No the power set of the Natural numbers is not countable and there is a very nice argument to show it is indeed uncountable.

Assume the contrary and we can list out all possible subsets of the naturals.

Draw a table listing out all the subsets and next to each subset have an infinite binary number where if the $i^{th}$ position being a $0$ means that $i\in \mathbb{N}$ does not belong to the subset and if it is 1 then it belongs to the subset.

Now go along the list where in the $j^{th}$ subset flip the $j^{th}$ digit and putting it all together we get a binary sequence that has not been listed out as it differs from every subset in atleast one position by construction. Thus this is a contradiction hence we would not be able to list out all subsets of naturals hence it is uncountable.

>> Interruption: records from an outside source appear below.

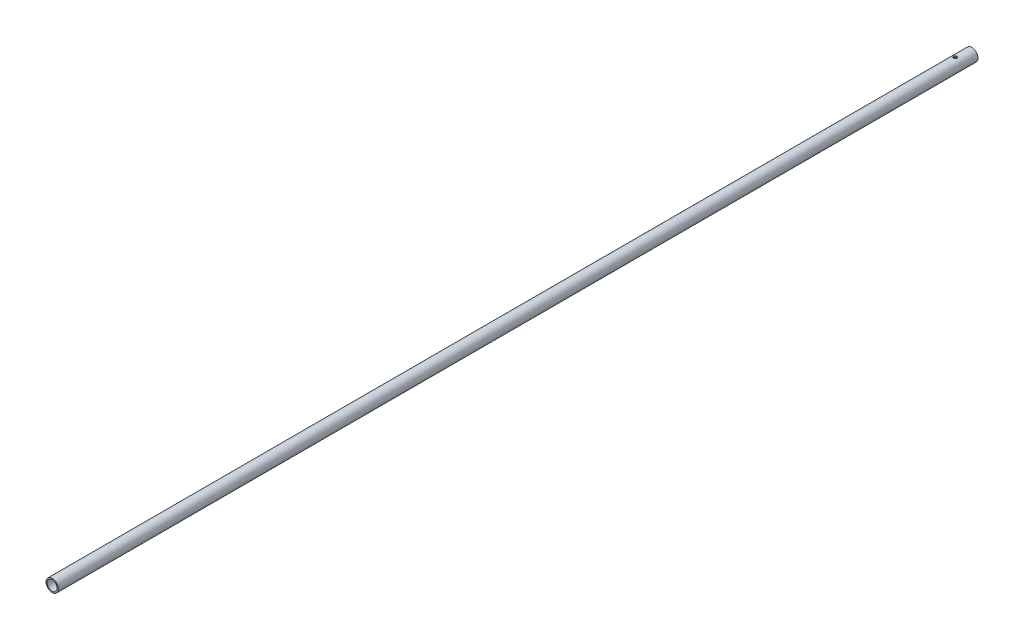
ISO-10303-21;
HEADER;
FILE_DESCRIPTION(('STEP AP214'),'2;1');
FILE_NAME('part.step','',(''),(''),'','','');
FILE_SCHEMA(('AUTOMOTIVE_DESIGN { 1 0 10303 214 1 1 1 1 }'));
ENDSEC;
DATA;
#1=APPLICATION_CONTEXT('core data for automotive mechanical design processes');
#2=APPLICATION_PROTOCOL_DEFINITION('international standard','automotive_design',2000,#1);
#3=PRODUCT_CONTEXT('',#1,'mechanical');
#4=PRODUCT('Part','Part','',(#3));
#5=PRODUCT_RELATED_PRODUCT_CATEGORY('part','',(#4));
#6=PRODUCT_DEFINITION_FORMATION('','',#4);
#7=PRODUCT_DEFINITION_CONTEXT('part definition',#1,'design');
#8=PRODUCT_DEFINITION('design','',#6,#7);
#9=PRODUCT_DEFINITION_SHAPE('','',#8);
#10=(LENGTH_UNIT() NAMED_UNIT(*) SI_UNIT(.MILLI.,.METRE.));
#11=(NAMED_UNIT(*) PLANE_ANGLE_UNIT() SI_UNIT($,.RADIAN.));
#12=(NAMED_UNIT(*) SI_UNIT($,.STERADIAN.) SOLID_ANGLE_UNIT());
#13=UNCERTAINTY_MEASURE_WITH_UNIT(LENGTH_MEASURE(1.E-05),#10,'distance_accuracy_value','');
#14=(GEOMETRIC_REPRESENTATION_CONTEXT(3) GLOBAL_UNCERTAINTY_ASSIGNED_CONTEXT((#13)) GLOBAL_UNIT_ASSIGNED_CONTEXT((#10,
#11,#12)) REPRESENTATION_CONTEXT('',''));
#15=CARTESIAN_POINT('',(0.,0.,0.));
#16=DIRECTION('',(0.,0.,1.));
#17=DIRECTION('',(1.,0.,0.));
#18=AXIS2_PLACEMENT_3D('',#15,#16,#17);
#19=CARTESIAN_POINT('',(0.,0.,558.8));
#20=DIRECTION('',(0.,0.,1.));
#21=DIRECTION('',(1.,0.,0.));
#22=AXIS2_PLACEMENT_3D('',#19,#20,#21);
#23=PLANE('',#22);
#24=CARTESIAN_POINT('',(0.,0.,558.8));
#25=DIRECTION('',(0.,0.,1.));
#26=DIRECTION('',(1.,0.,0.));
#27=AXIS2_PLACEMENT_3D('',#24,#25,#26);
#28=CIRCLE('',#27,3.7592);
#29=CARTESIAN_POINT('',(3.7592,0.,558.8));
#30=VERTEX_POINT('',#29);
#31=EDGE_CURVE('E10',#30,#30,#28,.T.);
#32=ORIENTED_EDGE('',*,*,#31,.T.);
#33=EDGE_LOOP('',(#32));
#34=FACE_BOUND('',#33,.T.);
#35=CARTESIAN_POINT('',(0.,0.,558.8));
#36=DIRECTION('',(0.,0.,1.));
#37=DIRECTION('',(1.,0.,0.));
#38=AXIS2_PLACEMENT_3D('',#35,#36,#37);
#39=CIRCLE('',#38,3.048);
#40=CARTESIAN_POINT('',(3.048,0.,558.8));
#41=VERTEX_POINT('',#40);
#42=EDGE_CURVE('E49',#41,#41,#39,.T.);
#43=ORIENTED_EDGE('',*,*,#42,.F.);
#44=EDGE_LOOP('',(#43));
#45=FACE_BOUND('',#44,.T.);
#46=ADVANCED_FACE('F32',(#34,#45),#23,.T.);
#47=CARTESIAN_POINT('',(0.,0.,0.));
#48=DIRECTION('',(0.,0.,1.));
#49=DIRECTION('',(1.,0.,0.));
#50=AXIS2_PLACEMENT_3D('',#47,#48,#49);
#51=PLANE('',#50);
#52=CARTESIAN_POINT('',(0.,0.,0.));
#53=DIRECTION('',(0.,0.,1.));
#54=DIRECTION('',(1.,0.,0.));
#55=AXIS2_PLACEMENT_3D('',#52,#53,#54);
#56=CIRCLE('',#55,3.7592);
#57=CARTESIAN_POINT('',(3.7592,0.,0.));
#58=VERTEX_POINT('',#57);
#59=EDGE_CURVE('E44',#58,#58,#56,.T.);
#60=ORIENTED_EDGE('',*,*,#59,.F.);
#61=EDGE_LOOP('',(#60));
#62=FACE_BOUND('',#61,.T.);
#63=CARTESIAN_POINT('',(0.,0.,0.));
#64=DIRECTION('',(0.,0.,1.));
#65=DIRECTION('',(1.,0.,0.));
#66=AXIS2_PLACEMENT_3D('',#63,#64,#65);
#67=CIRCLE('',#66,3.048);
#68=CARTESIAN_POINT('',(3.048,0.,0.));
#69=VERTEX_POINT('',#68);
#70=EDGE_CURVE('E52',#69,#69,#67,.T.);
#71=ORIENTED_EDGE('',*,*,#70,.T.);
#72=EDGE_LOOP('',(#71));
#73=FACE_BOUND('',#72,.T.);
#74=ADVANCED_FACE('F103',(#62,#73),#51,.F.);
#75=CARTESIAN_POINT('',(0.,0.,558.8));
#76=DIRECTION('',(0.,0.,-1.));
#77=DIRECTION('',(-1.,0.,0.));
#78=AXIS2_PLACEMENT_3D('',#75,#76,#77);
#79=CYLINDRICAL_SURFACE('',#78,3.7592);
#80=CARTESIAN_POINT('',(0.,-3.7592,11.176));
#81=CARTESIAN_POINT('',(-0.055981236537999,-3.75919918459358,11.1759987302058));
#82=CARTESIAN_POINT('',(-0.111975966663057,-3.75793723752587,11.1713576840597));
#83=CARTESIAN_POINT('',(-0.222350551239019,-3.75302570635412,11.1529501221138));
#84=CARTESIAN_POINT('',(-0.276729647185963,-3.7493750187443,11.1391793887126));
#85=CARTESIAN_POINT('',(-0.382263937320672,-3.74008864799323,11.1029942403726));
#86=CARTESIAN_POINT('',(-0.433423249592395,-3.7344555637542,11.0805911387505));
#87=CARTESIAN_POINT('',(-0.531258572775888,-3.72179869306041,11.0278196031624));
#88=CARTESIAN_POINT('',(-0.577934252422427,-3.7147748039657,10.9974505812661));
#89=CARTESIAN_POINT('',(-0.666586464597382,-3.69990710084376,10.9288475177812));
#90=CARTESIAN_POINT('',(-0.708441284490966,-3.69204897451998,10.890459292945));
#91=CARTESIAN_POINT('',(-0.78520421892341,-3.6764896642834,10.8072370125901));
#92=CARTESIAN_POINT('',(-0.820111413146418,-3.66878850128383,10.7624021044659));
#93=CARTESIAN_POINT('',(-0.88258643458332,-3.65426817166658,10.6665816695557));
#94=CARTESIAN_POINT('',(-0.910013368423057,-3.64746703588247,10.6155012962732));
#95=CARTESIAN_POINT('',(-0.955841492406535,-3.63572760673628,10.5092406741372));
#96=CARTESIAN_POINT('',(-0.974244397263731,-3.63078895951206,10.4540612064751));
#97=CARTESIAN_POINT('',(-1.00107769578693,-3.62348158996868,10.3425187366869));
#98=CARTESIAN_POINT('',(-1.00972915859465,-3.62105600315438,10.2862127331933));
#99=CARTESIAN_POINT('',(-1.01750333065012,-3.61887956381147,10.1729002965618));
#100=CARTESIAN_POINT('',(-1.01662787293595,-3.61912819674645,10.1158940002727));
#101=CARTESIAN_POINT('',(-1.00554836762721,-3.62222126178157,10.0045318773362));
#102=CARTESIAN_POINT('',(-0.995612761546391,-3.62499099246598,9.95014693705533));
#103=CARTESIAN_POINT('',(-0.967125325284436,-3.63269443532542,9.84384621638498));
#104=CARTESIAN_POINT('',(-0.948572789792825,-3.63762832463871,9.7919306385006));
#105=CARTESIAN_POINT('',(-0.903161597565696,-3.64916921080514,9.69134708207385));
#106=CARTESIAN_POINT('',(-0.876209566697004,-3.65579485671458,9.64272349008686));
#107=CARTESIAN_POINT('',(-0.814829563328908,-3.66996279833399,9.55059525008809));
#108=CARTESIAN_POINT('',(-0.780400083193257,-3.67750527876493,9.50709163712045));
#109=CARTESIAN_POINT('',(-0.703673983133144,-3.69296717341038,9.42490563926336));
#110=CARTESIAN_POINT('',(-0.661152200636483,-3.70089074452404,9.38643393805576));
#111=CARTESIAN_POINT('',(-0.570163403782982,-3.71599542438007,9.31712370840479));
#112=CARTESIAN_POINT('',(-0.521696142451035,-3.72317650225642,9.28628549721718));
#113=CARTESIAN_POINT('',(-0.419860142806302,-3.73603326449054,9.23302135263665));
#114=CARTESIAN_POINT('',(-0.366470058875214,-3.74170193398508,9.2106344257161));
#115=CARTESIAN_POINT('',(-0.25649571502604,-3.75084450946339,9.17521520646203));
#116=CARTESIAN_POINT('',(-0.199912175802817,-3.75431890850678,9.16218081249469));
#117=CARTESIAN_POINT('',(-0.0869544099686766,-3.75860655224015,9.14616949808162));
#118=CARTESIAN_POINT('',(-0.0306235848601433,-3.75949553932608,9.14290623477879));
#119=CARTESIAN_POINT('',(0.0817807641836961,-3.75873041519249,9.14573782813204));
#120=CARTESIAN_POINT('',(0.137854314856597,-3.75707657453267,9.15183168917951));
#121=CARTESIAN_POINT('',(0.247124350408283,-3.75146062225681,9.17296998072428));
#122=CARTESIAN_POINT('',(0.300354207740429,-3.74753992679453,9.18785391578566));
#123=CARTESIAN_POINT('',(0.403555769322896,-3.73783576886523,9.22596279176762));
#124=CARTESIAN_POINT('',(0.453527114981151,-3.73205210179687,9.24918864887422));
#125=CARTESIAN_POINT('',(0.549899746962868,-3.71908701315947,9.3038479264627));
#126=CARTESIAN_POINT('',(0.596209736414399,-3.71187996941981,9.33543608648639));
#127=CARTESIAN_POINT('',(0.682971949357936,-3.69690081938352,9.40572946516984));
#128=CARTESIAN_POINT('',(0.72342298023362,-3.68912859852493,9.44443612920261));
#129=CARTESIAN_POINT('',(0.798531413525871,-3.67361509832816,9.52920529933542));
#130=CARTESIAN_POINT('',(0.832986565583012,-3.66588126550813,9.57544870801438));
#131=CARTESIAN_POINT('',(0.893653131776007,-3.65156732786377,9.67322531192282));
#132=CARTESIAN_POINT('',(0.919864881886327,-3.64498717602396,9.72475829145288));
#133=CARTESIAN_POINT('',(0.963103749968263,-3.63380171154526,9.83140059016736));
#134=CARTESIAN_POINT('',(0.980183439919998,-3.62918512709987,9.8864873470279));
#135=CARTESIAN_POINT('',(1.00479357694007,-3.62244950359569,9.99889760081478));
#136=CARTESIAN_POINT('',(1.01232654574886,-3.62032980500172,10.0562205029439));
#137=CARTESIAN_POINT('',(1.01748148630745,-3.61888410126251,10.1694022584618));
#138=CARTESIAN_POINT('',(1.01542896653059,-3.61946633821143,10.2252453331702));
#139=CARTESIAN_POINT('',(1.00222851810503,-3.62314347093249,10.3357573114387));
#140=CARTESIAN_POINT('',(0.991080835716672,-3.62623829867378,10.3904262467485));
#141=CARTESIAN_POINT('',(0.960197567364567,-3.6345365373973,10.4966158861889));
#142=CARTESIAN_POINT('',(0.940532727089865,-3.639722554458,10.5481586207124));
#143=CARTESIAN_POINT('',(0.893228205610188,-3.65161884500594,10.6472526209846));
#144=CARTESIAN_POINT('',(0.865587242600697,-3.6583293634516,10.6948032435931));
#145=CARTESIAN_POINT('',(0.80213609548457,-3.6727713850916,10.7861125981675));
#146=CARTESIAN_POINT('',(0.76610463515918,-3.68052758048504,10.8297136771453));
#147=CARTESIAN_POINT('',(0.687313790569808,-3.69605112772039,10.9103563493302));
#148=CARTESIAN_POINT('',(0.644552762864312,-3.70381848182706,10.9473963355303));
#149=CARTESIAN_POINT('',(0.552373591230194,-3.71869502650103,11.0146733487932));
#150=CARTESIAN_POINT('',(0.502828945877775,-3.72578582247295,11.0447414718785));
#151=CARTESIAN_POINT('',(0.399197708452166,-3.73830732319349,11.0960748065036));
#152=CARTESIAN_POINT('',(0.345113977900662,-3.74373906396721,11.1173455146892));
#153=CARTESIAN_POINT('',(0.242713771472098,-3.75165100474649,11.1477932328077));
#154=CARTESIAN_POINT('',(0.194827335938966,-3.75446097462085,11.158345803178));
#155=CARTESIAN_POINT('',(0.0979639679997302,-3.75823573245692,11.1724493759623));
#156=CARTESIAN_POINT('',(0.0489871502662704,-3.75920071353259,11.1760011111509));
#157=CARTESIAN_POINT('',(0.,-3.7592,11.176));
#158=B_SPLINE_CURVE_WITH_KNOTS('',3,(#80,#81,#82,#83,#84,#85,#86,#87,#88,#89,#90,#91,#92,#93,
#94,#95,#96,#97,#98,#99,#100,#101,#102,#103,#104,#105,#106,#107,#108,#109,#110,#111,#112,#113,
#114,#115,#116,#117,#118,#119,#120,#121,#122,#123,#124,#125,#126,#127,#128,#129,#130,#131,#132,
#133,#134,#135,#136,#137,#138,#139,#140,#141,#142,#143,#144,#145,#146,#147,#148,#149,#150,#151,
#152,#153,#154,#155,#156,#157),.UNSPECIFIED.,.T.,.F.,(4,2,2,2,2,2,2,2,2,2,2,2,2,2,2,2,2,2,2,2,2,
2,2,2,2,2,2,2,2,2,2,2,2,2,2,2,2,2,4),(0.,0.167764031572985,0.335605618411471,0.503227981307256,
0.670862719173472,0.842079214270509,1.01331837445387,1.1875894762668,1.36182745086884,
1.53203051652779,1.70220083465,1.867487448289,2.03278759330612,2.19999513759468,
2.36723642635468,2.54008787610885,2.71294650854284,2.8865934806939,3.06020141991774,
3.22866940768012,3.39711947150031,3.56258500663269,3.72806872026043,3.89685934856243,
4.06568428678518,4.23940962382628,4.41312787946532,4.58583499163804,4.75849647418137,
4.92533810814797,5.0921752248656,5.25765235620304,5.42315609540265,5.59365232945826,
5.76419026554736,5.93850654154566,6.11271373918457,6.25953332861178,6.40633754967187),.UNSPECIFIED.);
#159=CARTESIAN_POINT('',(0.,-3.7592,11.176));
#160=VERTEX_POINT('',#159);
#161=EDGE_CURVE('E58',#160,#160,#158,.T.);
#162=ORIENTED_EDGE('',*,*,#161,.F.);
#163=EDGE_LOOP('',(#162));
#164=FACE_BOUND('',#163,.T.);
#165=CARTESIAN_POINT('',(0.,3.7592,9.144));
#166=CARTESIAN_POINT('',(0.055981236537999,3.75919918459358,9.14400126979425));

In fact it has the same cardinality as Reals as in some sense we are trying to count all the possible binary numbers in the above argument. If we look at Reals in the binary form the above argument follows to show uncountability and each binary representation of a real number would also represent the subset of a Natural number.

Answer 6

The easiest proof that the subsets of naturals has the same cardinality as the reals, is:

Associate a subset with the characteristic function: 1, if the number is in a subset, 0 otherwise. Write these as dyadic fractions, starting at zero, so:

0.1010000.. . represents the set {1,3}

The correspondence is not unique, because 0.1111... = 1, but - modulus a countable set (of rational numbers) the interval [0,1] maps to the subsets, "almost" one-to-one.